# when he was small...



## gordon (Aug 3, 2011)

when he was 3 months old, smaller than my hand. Just like a snow ball rolling everyday in house... so cute!! :act-up:


----------



## sandooch (Jan 20, 2011)

Oh, those pictures are so sweet!! How old is he now or are those current pictures?


----------



## outwest (May 1, 2011)

He's a tiny as a mouse. It always amazes me how small toys really are.

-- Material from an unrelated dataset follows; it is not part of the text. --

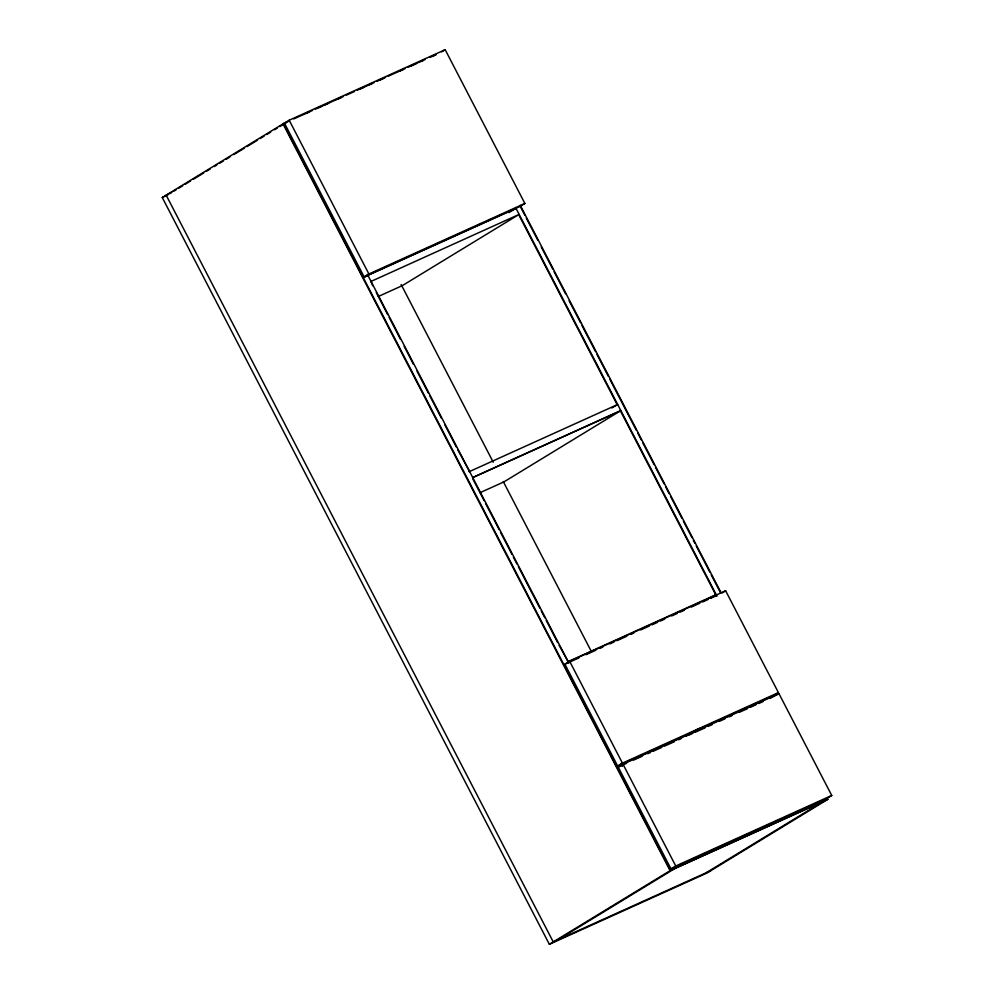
<?xml version="1.0" encoding="UTF-8"?>
<svg xmlns="http://www.w3.org/2000/svg" width="994" height="994" viewBox="0 0 994 994"><rect width="100%" height="100%" fill="white"/><g stroke="black" fill="none" stroke-linecap="round" stroke-linejoin="round"><path stroke-width="1.49" d="M549.359 944.3L670.528 870.409L828.089 799.176L706.92 873.055L549.359 944.3L162.258 197.508L283.427 123.616L288.645 121.218M289.192 120.224L284.433 123.132L364.139 276.904L520.123 206.379L524.882 203.472L445.175 49.7L289.192 120.224L368.898 273.996L364.139 276.904M173.503 191.395L176.124 189.792M178.758 188.189L182.697 185.791M185.319 184.188L190.575 180.983M193.196 179.38L203.695 172.981M206.33 171.378L210.268 168.98M214.195 166.582L216.829 164.979M219.45 163.376L223.389 160.978M226.011 159.375L229.949 156.965M233.888 154.567L244.4 148.168M247.021 146.565L257.521 140.154M260.155 138.551L264.093 136.153M266.715 134.55L270.654 132.152M274.592 129.754L277.214 128.151M279.836 126.549L286.409 122.548M441.597 51.874L445.175 49.7M364.786 277.127L367.855 275.251M372.713 285.713L371.023 281.364M508.916 212.579L515.961 208.293M457.7 449.673L469.566 471.454M611.944 407.975L617.659 404.496L469.131 471.715M559.113 645.33L568.096 661.544M564.903 664.216L569.661 661.308L725.645 590.784L778.426 692.619L773.667 695.527L617.684 766.051L564.903 664.216L578.955 657.866M710.474 598.077L716.202 594.586L567.661 661.818M722.079 592.958L725.645 590.784M617.684 766.051L622.443 763.144L778.426 692.619M618.218 767.07L622.977 764.162L778.961 693.638L831.742 795.473L826.983 798.381L671 868.905L618.218 767.07L626.642 763.255M686.382 736.094L698.186 728.9M692.159 733.063L700.024 728.267M778.961 693.638L769.977 698.447M671 868.905L675.758 865.998L831.742 795.473M557.982 939.79L675.249 868.271M706.088 872.819L823.355 801.313M293.789 118.932L303.667 114.472M306.91 112.968L312.538 110.421M315.346 109.154L335.015 100.257M337.525 99.164L343.452 96.443M346.26 95.175L354.448 91.51M357.268 90.23L374.191 82.577M377.012 81.297L385.61 77.383M388.294 76.203L405.279 68.487M408.049 67.269L417.927 62.771M422.152 60.895L424.972 59.615M431.98 56.409L436.254 54.521M286.533 122.274L282.992 123.877L670.093 870.669L827.654 799.437M304.649 114.086L308.873 112.173M318.751 107.712L321.571 106.433M324.392 105.165L328.629 103.252M335.674 100.059L341.315 97.511M359.654 89.224L363.891 87.31M369.532 84.751L372.352 83.484M379.397 80.29L383.634 78.377M399.153 71.357L403.378 69.443M410.435 66.263L416.076 63.703M418.896 62.436L423.133 60.522M430.178 57.329L435.819 54.782M171.776 192.587L166.147 195.135L553.248 941.927L710.809 870.682M162.258 197.508L167.887 194.961M368.898 273.996L524.882 203.472M367.432 275.512L515.526 208.554M370.588 281.625L519.129 214.393L402.284 285.651L378.316 296.485M620.405 410.87L472.722 477.567L620.828 410.597L503.995 481.854L480.015 492.689M585.975 654.686L595.816 650.238M600.028 648.336L602.836 647.057M609.869 643.888L614.081 641.975M616.889 640.708L626.729 636.259M630.942 634.358L633.762 633.079M640.782 629.91L649.219 626.096M652.027 624.816L657.643 622.281M660.463 621.014L664.675 619.1M671.696 615.932L677.324 613.385M680.132 612.118L684.344 610.204M691.377 607.036L699.801 603.221M702.609 601.954L708.237 599.407M711.045 598.139L715.258 596.226M633.675 760.075L642.099 756.272M647.728 753.725L650.536 752.458M653.344 751.178L661.78 747.376M664.588 746.096L674.429 741.648M678.641 739.747L681.449 738.48M688.482 735.299L692.694 733.398M695.502 732.118L705.342 727.67M708.15 726.403L712.363 724.502M719.395 721.321L725.011 718.774M729.223 716.873L732.044 715.605M739.064 712.425L747.5 708.61M750.308 707.343L755.925 704.796M758.745 703.528L762.957 701.627M520.26 205.323L720.948 592.499M519.825 205.584L524.832 215.226M526.261 217.984L537.679 240.026M541.258 246.922L552.676 268.964M554.105 271.722L565.536 293.764M569.102 300.66L580.533 322.702M581.962 325.46L595.53 351.64M596.959 354.386L608.39 376.44M609.819 379.186L636.247 430.178M637.676 432.924L641.242 439.82M642.671 442.578L654.102 464.62M655.531 467.379L664.091 483.904M665.52 486.662L669.099 493.558M670.528 496.304L681.946 518.359M683.375 521.104L691.948 537.642M693.377 540.401L694.806 543.159M696.235 545.917L709.803 572.084M711.232 574.843L720.513 592.759M515.538 207.46L716.935 596.015M518.669 214.605L617.237 404.757M620.094 410.261L716.512 596.276M401.116 284.483L493.248 462.222M503.25 481.518L591.095 650.995M569.661 661.308L622.443 763.144M622.977 764.162L675.758 865.998M367.432 274.419L568.829 662.973M620.977 763.554L622.406 766.312M376.279 292.596L387.71 314.638M389.139 317.397L400.557 339.439M404.136 346.334L413.417 364.251M416.995 371.135L428.414 393.177M429.843 395.935L441.274 417.977M444.84 424.873L456.271 446.915M472.697 478.611L484.128 500.653M485.557 503.411L499.125 529.591M500.554 532.349L511.985 554.391M513.413 557.149L516.979 564.033M518.408 566.791L539.829 608.129M541.258 610.875L544.836 617.771M546.265 620.529L557.684 642.571M283.427 123.616L670.528 870.409"/></g></svg>

Very cute- any recent pictures?


----------



## gordon (Aug 3, 2011)

this is me now!! i grew up and turn into a handsome!! 1.5 years old... much bigger than b4 :act-up:


----------



## Fond of Poodles (Feb 1, 2011)

Oh my, he's absolutely gorgeous, love that trim!


----------



## zoey11 (Oct 26, 2010)

I almost couldn't handle picture 2 - he's just too cute!


----------



## liljaker (Aug 6, 2011)

He is so sweet!


----------



## gordon (Aug 3, 2011)

Thanks everyone!! show u guys one more pic...


----------



## sgeorge (Jul 31, 2011)

^

That picture is just oh-my-goodness cute!


----------



## CT Girl (Nov 17, 2010)

He is so adorable. Fantastic pictures.


----------



## Rowan (May 27, 2011)

OMG, he's too cute for words!


----------